If Ken invests the funds in his own name and later uses them to pay for university expenses, capital gains of approximately $170,000 will be taxed at a current top rate of approximately 25%. This will result in about $42,500 in tax.

If Ken waits until the children start university and pays their expenses using his after-tax income or interest from investments, he’ll be paying a rate of almost 50% of his earnings to fund their expenses.

But, if Ken instead either gifts or loans the funds using a family trust, and if capital gains are triggered and paid to the children while they’re attending university, little or no tax may be payable.

The children would report the capital gains paid to them in their own income tax returns, but as long as the taxable capital gains (currently one-half of the capital gains) in each year don’t exceed their basic personal credit and as long as each has no other sources of income, no tax will be payable. So, based on current rates, approximately $20,000 of capital gains can be paid out annually to each child without payment of any tax.
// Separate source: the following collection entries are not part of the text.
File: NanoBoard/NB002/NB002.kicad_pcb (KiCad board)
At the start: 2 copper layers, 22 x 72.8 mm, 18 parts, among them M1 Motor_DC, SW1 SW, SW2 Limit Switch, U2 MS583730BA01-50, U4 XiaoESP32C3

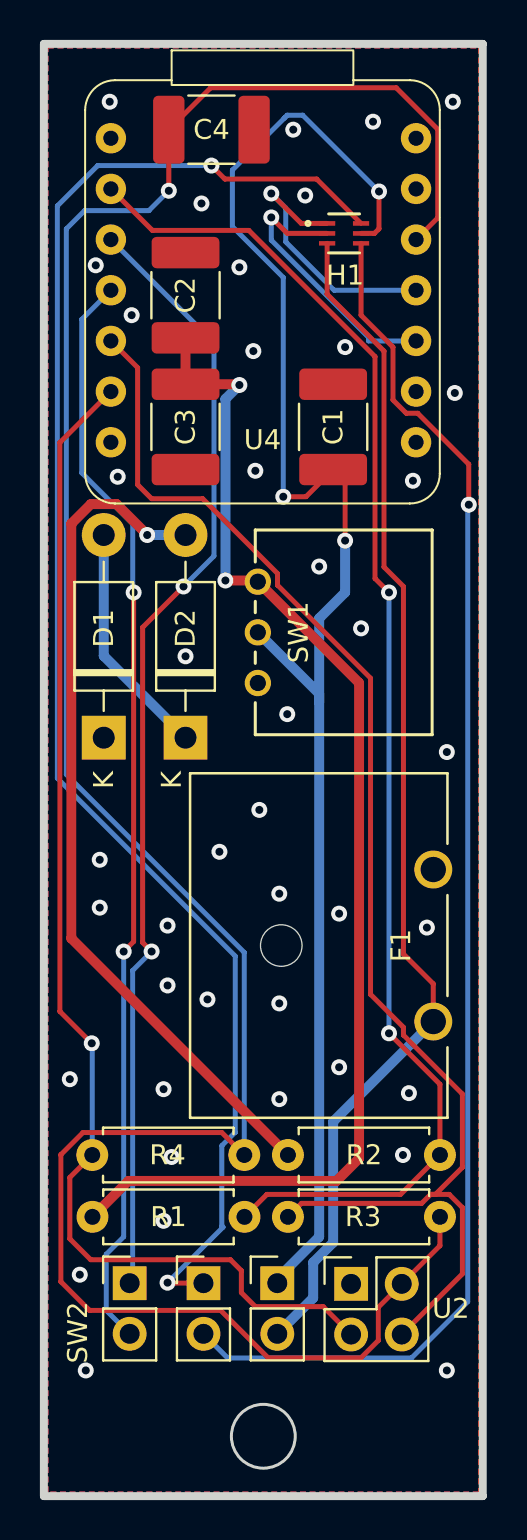
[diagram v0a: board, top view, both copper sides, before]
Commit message: Full Rework of NanoBoard Libraries, Updated Final Version of NB101
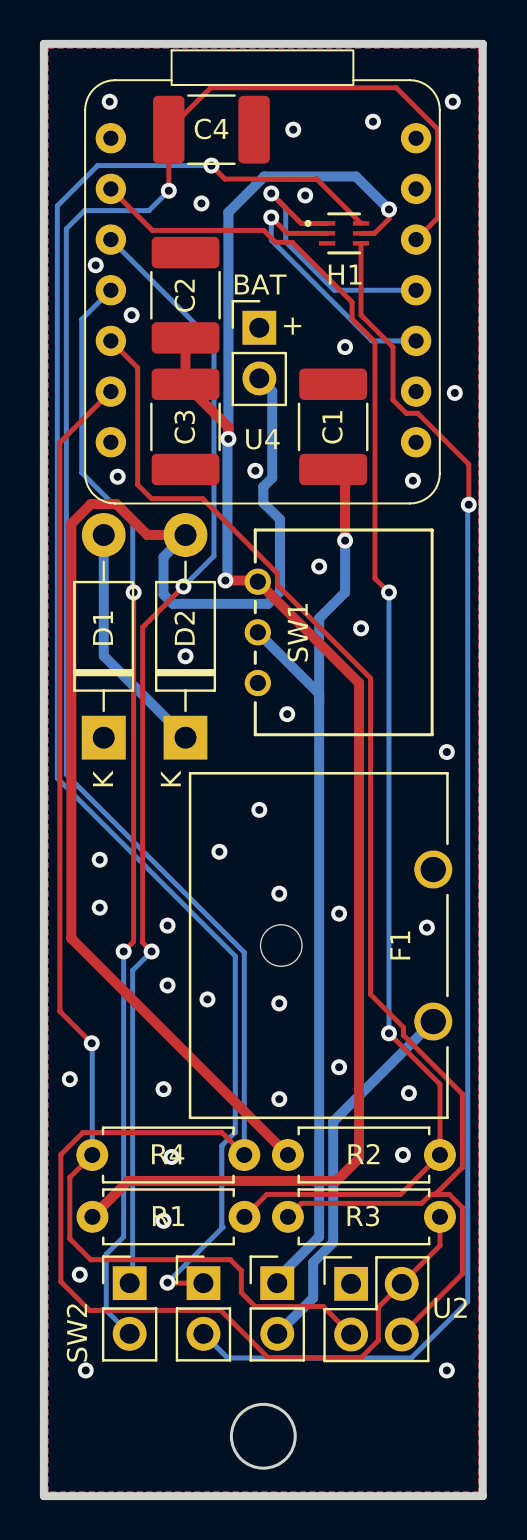
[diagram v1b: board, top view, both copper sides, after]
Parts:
- added BAT: PinHeader_1x02_P2.54mm_Vertical, Connector_PinHeader_2.54mm:PinHeader_1x02_P2.54mm_Vertical, F.Cu at (125.4, 87.3)
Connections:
- H1 pad 3: Net-(B4--) -> Net-(D1-K)
- H1 pad 5: Net-(B4-+) -> Net-(HBridge1-VDD)
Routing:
- net Net-(B4--): track 60.1 -> 18.9 mm
- net Net-(B4-+): track 80.5 -> 47.0 mm, vias 3 -> 1
- net Net-(D2-A): track 42.9 -> 64.1 mm, vias 1 -> 0
- net Net-(HBridge1-VDD): track 62.4 -> 83.4 mm, vias 2 -> 3
- net Net-(U4-D0): track 69.2 -> 70.1 mm
- net Net-(D1-K): vias 42 -> 40
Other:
- board text added: "+"

Funds in excess of this amount for education or other purposes (financing for a home, assistance with a business, etc.) will attract the lower marginal rates paid by each child; as opposed to Ken’s high marginal rate.

Ken can also use this strategy as a tax-effective way to fund some of Kevin and Keira’s current expenses, such as private school fees, music lessons, summer camp and travel expenses, rather than using his after-tax income. The family trust could also be used for income-splitting of interest and dividends (as opposed to only capital gains) when Kevin and Keira are over age 18.

Since Ken’s children are under age 18, tax rules would attribute interest and dividend income (but not capital gains) earned by the trust to Ken unless he loans the funds to the trust on a commercial-rate basis.

Once a child reaches age 18, if funds are either gifted outright to the trust or loaned to the trustees on a commercial-rate basis, this tax rule no longer applies.

All interest and dividend income, and capital gains received by the trust can be taxed in each child’s hands, rather than Ken’s.

Ken could combine both these strategies by establishing a family trust while the children are under 18. He could ensure the trust’s investment strategy in the early years is geared towards capital growth; and then changed when the children are older to generate interest and dividend income, taking into account prevailing market conditions.  Given the prescribed rate under the Income Tax Act is very low, (currently 1%) he could loan funds at the prescribed rate, and not be subject to income attribution, allowing him more flexibility in the trust’s investment strategy.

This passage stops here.